Vivante NPU SDK Development Guide

Posted Jan 10, 2026

By Khoi Nguyen Van

3 min read

The Allwinner T527 / A733 SoC is equipped with the Vivante VIP9000 series NPU. The Vivante Machine Learning SDK is a powerful toolkit that helps developers deploy and accelerate AI inference tasks on supported boards — with hardware acceleration from the VIP9000 NPU significantly enhancing inference performance.

Supported Boards:

Orangepi 4A

Overview

The Vivante ML SDK supports various model frameworks — TensorFlow, TensorFlow Lite, PyTorch, Caffe, DarkNet, ONNX, and Keras — converting them into formats executable on the VIP9000 NPU.

Deploying and inferring AI models on the NPU requires two steps:

Parse the model structure and convert operators into an intermediate representation (IR).
Compile the IR into machine-specific instructions.

Both steps can be performed in two modes:

Mode	Description
Online (Runtime Inferencing)	Conversion and compilation happen at runtime on any platform
Offline (Offline Compilation)	Model is pre-compiled before deployment using the ACUITY Toolkit

Runtime Inferencing

In Runtime Inferencing mode, users focus on the original model framework without worrying about the target platform. The IR conversion and compilation steps run on any platform — the target driver handles the underlying acceleration automatically. This makes it suitable for cross-platform software.

Note: For detailed usage of Runtime Inferencing, refer to the Vivante TIM-VX open-source repository. This document does not cover Runtime Inferencing in detail.

Offline Compilation

Using the ACUITY Toolkit, the original model is compiled into an NPU-runnable format before deployment. It supports:

UINT8, PCQ (INT8), INT16, BF16 quantization, and mixed quantization
Automatic operator fusion during compilation, optimizing the model structure
Significantly reduced model initialization time and resource overhead

The ACUITY Toolkit can generate two types of output:

Machine Code Generator — Network Binary Graph (NBG)

NBG (Network Binary Graph) is a pre-compiled machine code format deployable directly on the Vivante NPU. No further compilation is needed — instructions are sent directly to hardware. It is compatible with both OpenVX and VIPLite drivers.

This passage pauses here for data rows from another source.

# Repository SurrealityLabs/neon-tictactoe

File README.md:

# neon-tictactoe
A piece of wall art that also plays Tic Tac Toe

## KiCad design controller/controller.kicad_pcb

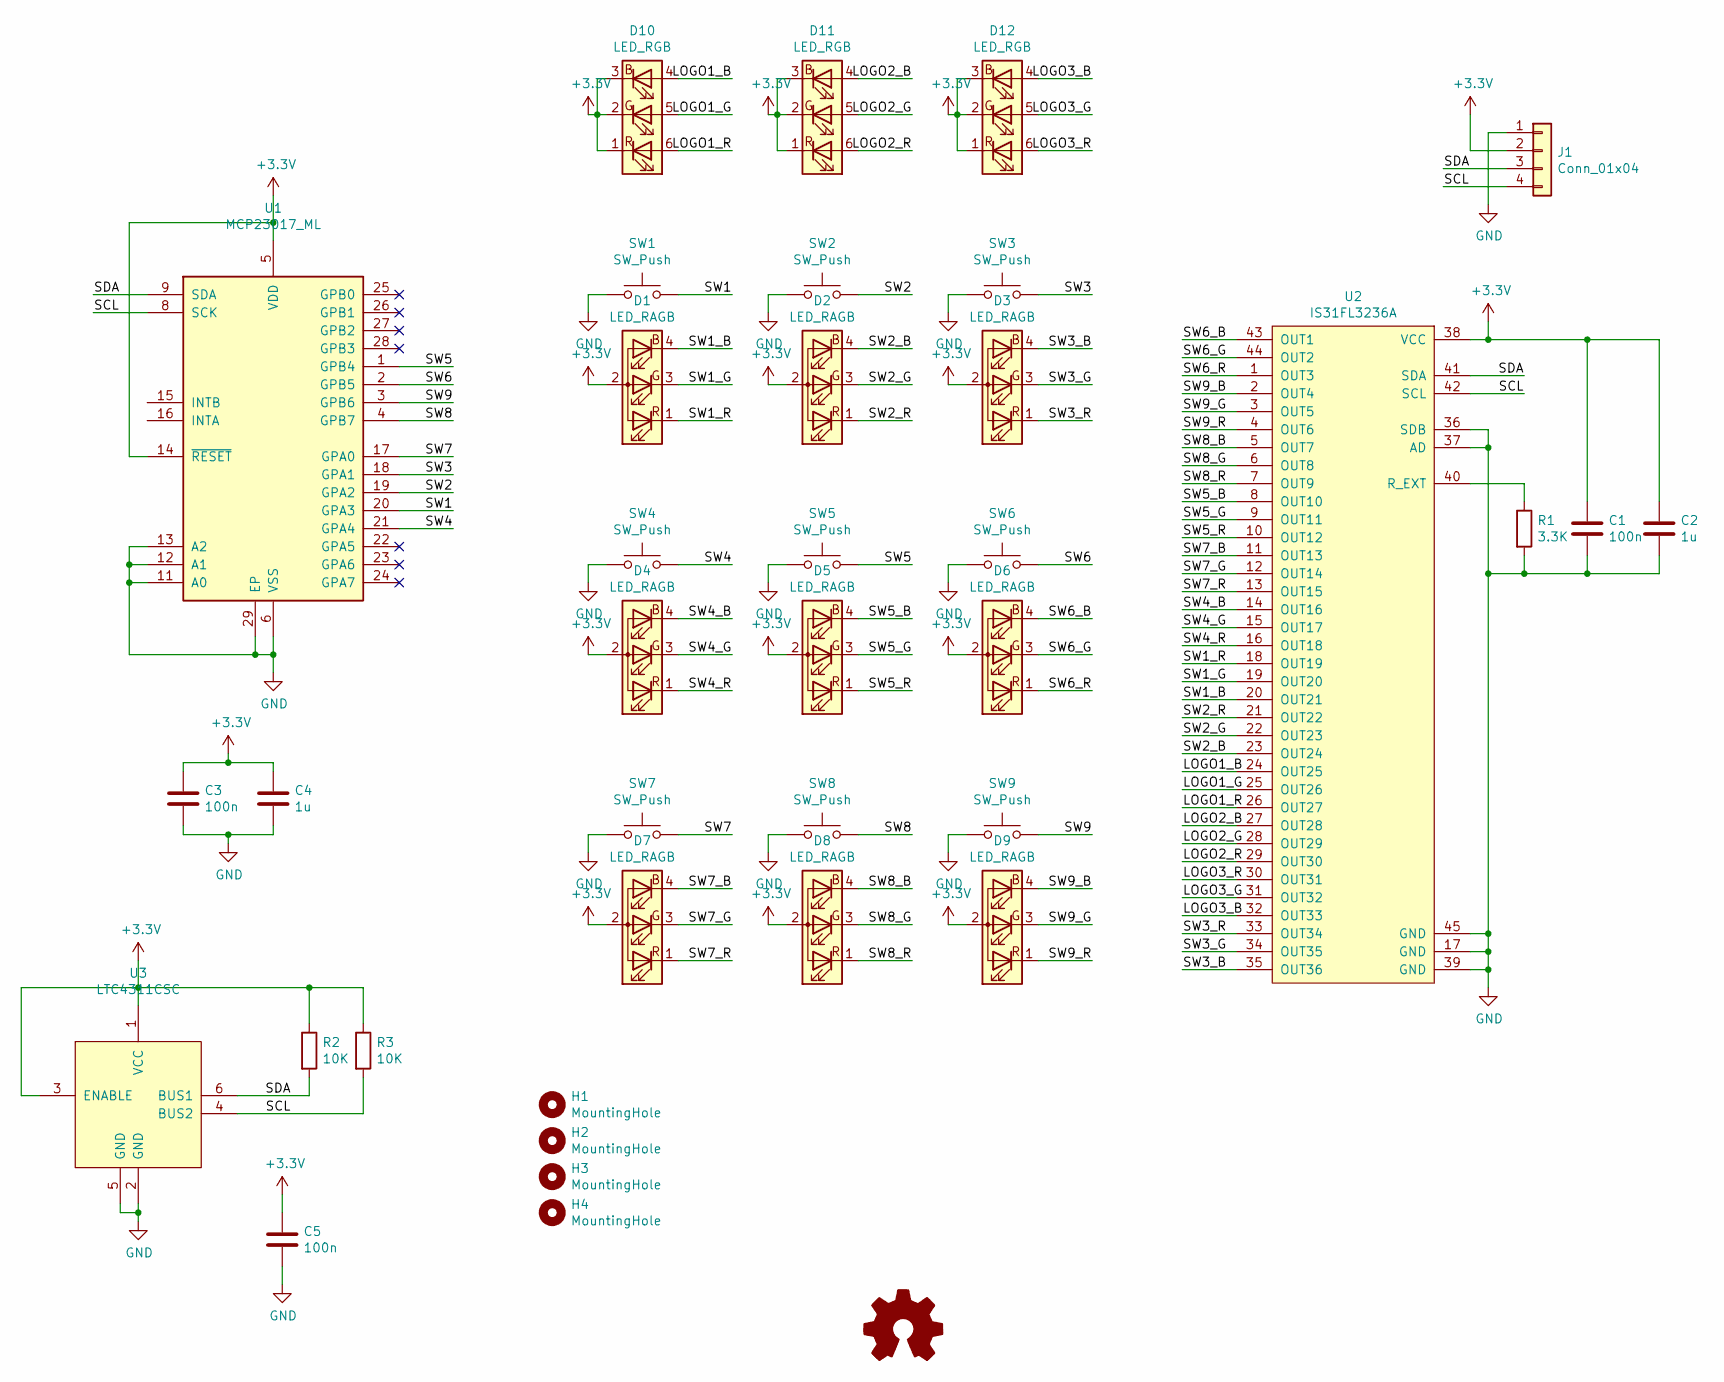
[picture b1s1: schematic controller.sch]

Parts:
C1, C3, C5: 100n; C_0603_1608Metric_Pad1.05x0.95mm_HandSolder
C2, C4: 1u; C_0603_1608Metric_Pad1.05x0.95mm_HandSolder
D1, D2, D3, D4, D5, D6, D7, D8, D9: LED_RAGB; LED-6526-RGB
D10, D11, D12: LED_RGB; LED_RGB_5050-6
H1, H2, H3, H4: MountingHole; MountingHole_3.2mm_M3_DIN965
J1: Conn_01x04; JST_PH_S4B-PH-SM4-TB_04x2.00mm_Angled
R1: 3.3K; R_0603_1608Metric_Pad0.98x0.95mm_HandSolder
R2, R3: 10K; R_0603_1608Metric_Pad0.98x0.95mm_HandSolder
SW1, SW2, SW3, SW4, SW5, SW6, SW7, SW8, SW9: SW_Push; SW_Cherry_MX_1.00u_PCB
U1: MCP23017_ML; QFN-28-1EP_6x6mm_P0.65mm_EP4.25x4.25mm
U2: IS31FL3236A; QFN-44-1EP_5x5mm_P0.4mm_EP2.45x2.45mm
U3: LTC4311CSC; SOT-363_SC-70-6

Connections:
+3V3: C1.1, C2.1, C3.1, C4.1, C5.1, D1.2 (A), D2.2 (A), D3.2 (A), D4.2 (A), D5.2 (A), D6.2 (A), D7.2 (A), D8.2 (A), D9.2 (A), D10.1 (RK), D10.2 (GK), D10.3 (BK), D11.1 (RK), D11.2 (GK), D11.3 (BK), D12.1 (RK), D12.2 (GK), D12.3 (BK), J1.2, R2.1, R3.1, U1.5 (VDD), U1.14 (~RESET~), U2.38 (VCC), U3.1 (VCC), U3.3 (ENABLE)
/LOGO1_B: D10.4 (BA), U2.24 (OUT25)
/LOGO1_G: D10.5 (GA), U2.25 (OUT26)
/LOGO1_R: D10.6 (RA), U2.26 (OUT27)
/LOGO2_B: D11.4 (BA), U2.27 (OUT28)
/LOGO2_G: D11.5 (GA), U2.28 (OUT29)
/LOGO2_R: D11.6 (RA), U2.29 (OUT30)
/LOGO3_B: D12.4 (BA), U2.32 (OUT33)
/LOGO3_G: D12.5 (GA), U2.31 (OUT32)
/LOGO3_R: D12.6 (RA), U2.30 (OUT31)
/SCL: J1.4, R3.2, U1.8 (SCK), U2.42 (SCL), U3.4 (BUS2)
/SDA: J1.3, R2.2, U1.9 (SDA), U2.41 (SDA), U3.6 (BUS1)
/SW1: SW1.2, U1.20 (GPA3)
/SW1_B: D1.4 (BK), U2.20 (OUT21)
/SW1_G: D1.3 (GK), U2.19 (OUT20)
/SW1_R: D1.1 (RK), U2.18 (OUT19)
/SW2: SW2.2, U1.19 (GPA2)
/SW2_B: D2.4 (BK), U2.23 (OUT24)
/SW2_G: D2.3 (GK), U2.22 (OUT23)
/SW2_R: D2.1 (RK), U2.21 (OUT22)
/SW3: SW3.2, U1.18 (GPA1)
/SW3_B: D3.4 (BK), U2.35 (OUT36)
/SW3_G: D3.3 (GK), U2.34 (OUT35)
/SW3_R: D3.1 (RK), U2.33 (OUT34)
/SW4: SW4.2, U1.21 (GPA4)
/SW4_B: D4.4 (BK), U2.14 (OUT16)
/SW4_G: D4.3 (GK), U2.15 (OUT17)
/SW4_R: D4.1 (RK), U2.16 (OUT18)
/SW5: SW5.2, U1.1 (GPB4)
/SW5_B: D5.4 (BK), U2.8 (OUT10)
/SW5_G: D5.3 (GK), U2.9 (OUT11)
/SW5_R: D5.1 (RK), U2.10 (OUT12)
/SW6: SW6.2, U1.2 (GPB5)
/SW6_B: D6.4 (BK), U2.43 (OUT1)
/SW6_G: D6.3 (GK), U2.44 (OUT2)
/SW6_R: D6.1 (RK), U2.1 (OUT3)
/SW7: SW7.2, U1.17 (GPA0)
/SW7_B: D7.4 (BK), U2.11 (OUT13)
/SW7_G: D7.3 (GK), U2.12 (OUT14)
/SW7_R: D7.1 (RK), U2.13 (OUT15)
/SW8: SW8.2, U1.4 (GPB7)
/SW8_B: D8.4 (BK), U2.5 (OUT7)
/SW8_G: D8.3 (GK), U2.6 (OUT8)
/SW8_R: D8.1 (RK), U2.7 (OUT9)
/SW9: SW9.2, U1.3 (GPB6)
/SW9_B: D9.4 (BK), U2.2 (OUT4)
/SW9_G: D9.3 (GK), U2.3 (OUT5)
/SW9_R: D9.1 (RK), U2.4 (OUT6)
GND: C1.2, C2.2, C3.2, C4.2, C5.2, J1.1, R1.2, SW1.1, SW2.1, SW3.1, SW4.1, SW5.1, SW6.1, SW7.1, SW8.1, SW9.1, U1.6 (VSS), U1.11 (A0), U1.12 (A1), U1.13 (A2), U1.29 (EP), U2.17 (GND), U2.36 (SDB), U2.37 (AD), U2.39 (GND), U2.45 (GND), U3.2 (GND), U3.5 (GND)
unnamed: R1.1, U2.40 (R_EXT)

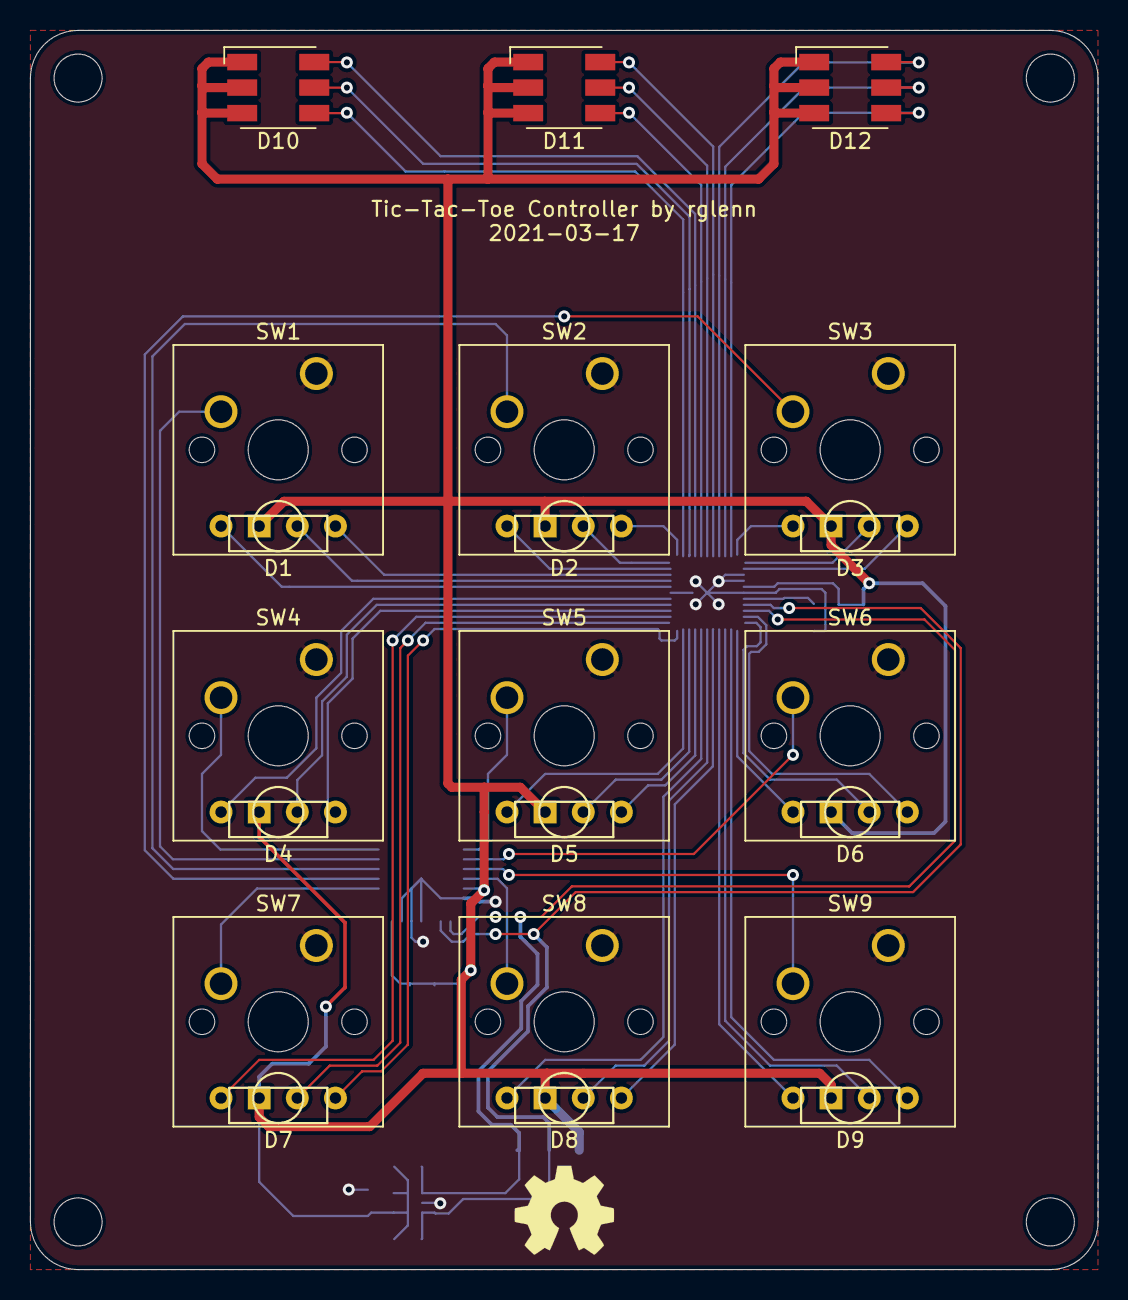
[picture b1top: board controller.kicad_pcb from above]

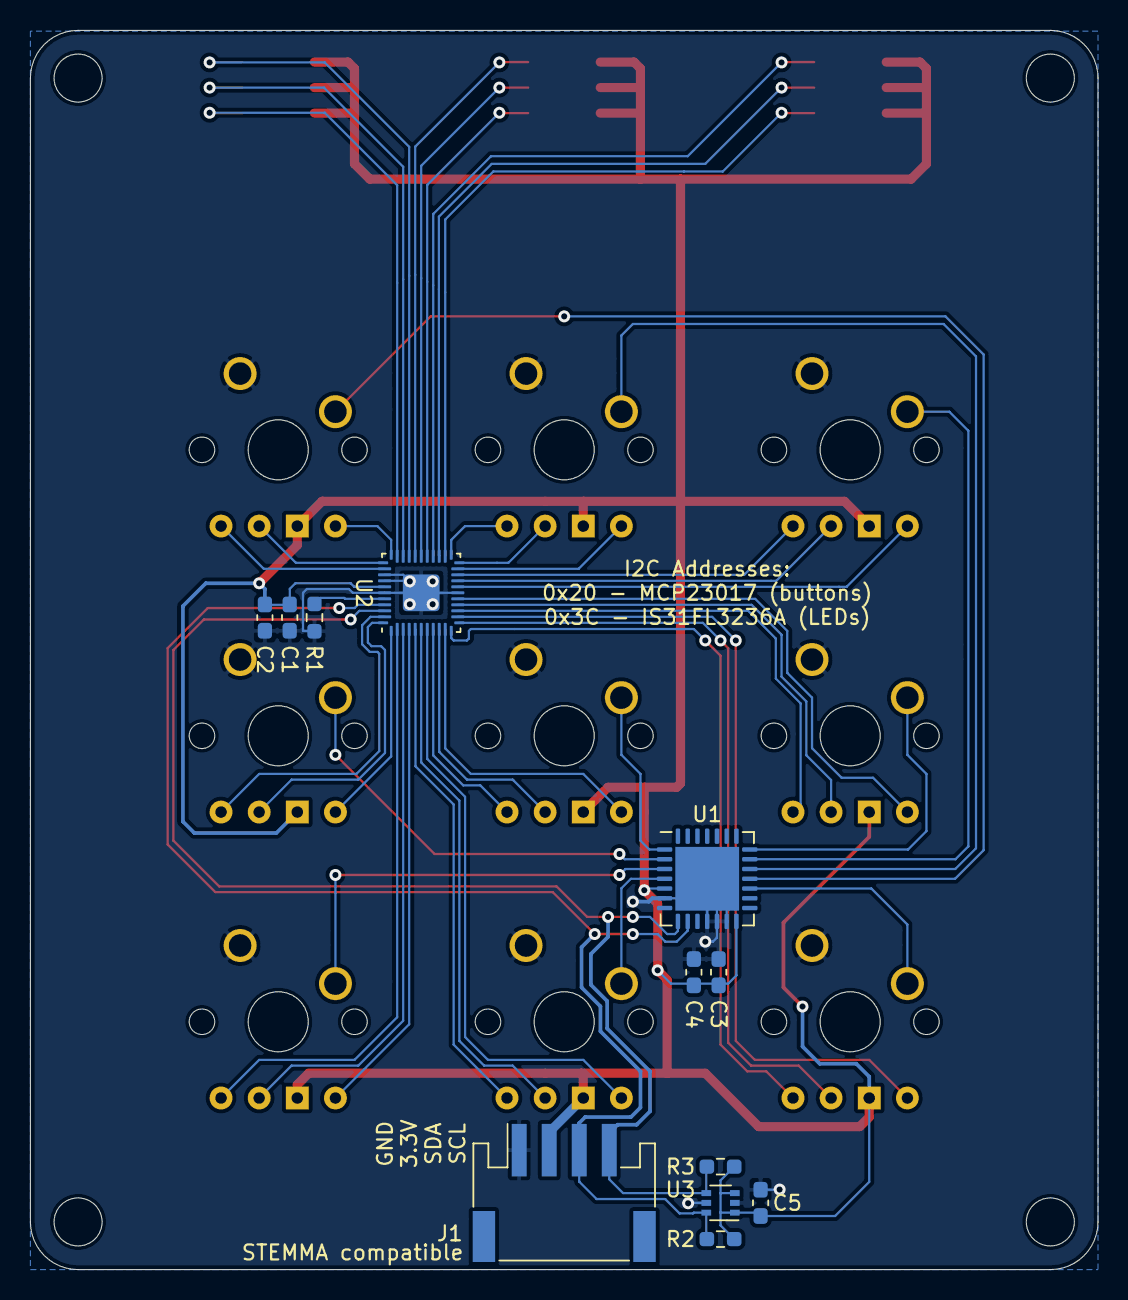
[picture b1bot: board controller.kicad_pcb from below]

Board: 2 copper layers, 71.1 x 82.6 mm, 37 parts (12 on the bottom side), 50 nets.

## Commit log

2021-03-21 Adding first rev of controller

Source Code Generator — OpenVX Code

The OpenVX code generator produces a C-language OpenVX project for the Vivante NPU. Since the generated application is a graph-level IR, the OpenVX runtime still performs Just-In-Time (JIT) compilation on the target device. This trades instant startup for cross-platform compatibility, while retaining the model optimizations from offline tooling.

NBG vs. OpenVX Comparison

Feature	NBG Project	OpenVX Project
Cross-Platform Support	No	Yes
Just-In-Time (JIT) Compilation	No	Yes
Instant Model Initialization	Yes	No
Supports OpenVX Driver	Yes	Yes
Supports VIPLite Driver	Yes	No

Runtime vs. Offline Mode Comparison

Feature	Runtime Inferencing	Offline Compilation
Cross-Platform Support	Yes	No
Easy Maintenance	Yes	No
Model Operator Fusion	No	Yes
Instant Model Initialization	No	Yes
Model Quantization	No	Yes

Vivante ML Software Stack

ACUITY Toolkit

The ACUITY Toolkit is an end-to-end integrated offline development tool for model conversion, quantization, and compilation. It supports various AI frameworks and generates ready-to-run code for the NPU.

Documentation:

ACUITY Environment Setup
ACUITY Toolkit Usage
ACUITY Quantization Accuracy Optimization

TIM-VX — Tensor Interface Module

TIM-VX is a software integration module by VeriSilicon that simplifies neural network deployment on its ML accelerators. It acts as a backend binding interface for runtime frameworks such as Android NN, TensorFlow Lite, MLIR, and TVM, and is the primary module for Runtime Inferencing.

Note: For detailed TIM-VX usage, refer to the Vivante TIM-VX open-source repository.

Vivante Unified Driver

The Vivante Unified Driver provides a standardized programming interface for NPUs, supporting industry-standard APIs such as OpenVX and OpenCL, and is compatible with Linux and Android operating systems.

Vivante VIPLite Driver

The VIPLite Driver is a lightweight driver designed for embedded systems — Linux, RTOS, and bare-metal. It loads and runs ACUITY precompiled neural network models with minimal overhead.

Unified vs. VIPLite Driver Comparison

Feature	Unified Driver	VIPLite Driver
Operating Environment	Android / Linux	Android / Linux / RTOS / Bare Metal / DSP
Offline Compilation (NBG)	Supported	Supported
Runtime JIT Compilation	Supported	Not Supported
Multi-VIP Support	Supported	Supported
Memory Usage	Tens of MB	Tens of KB
MMU Support	Supported	Supported
Multi-Graph Support	Supported	Supported

Embedded Systems, AI

linux npu

This post is licensed under CC BY 4.0 by the author.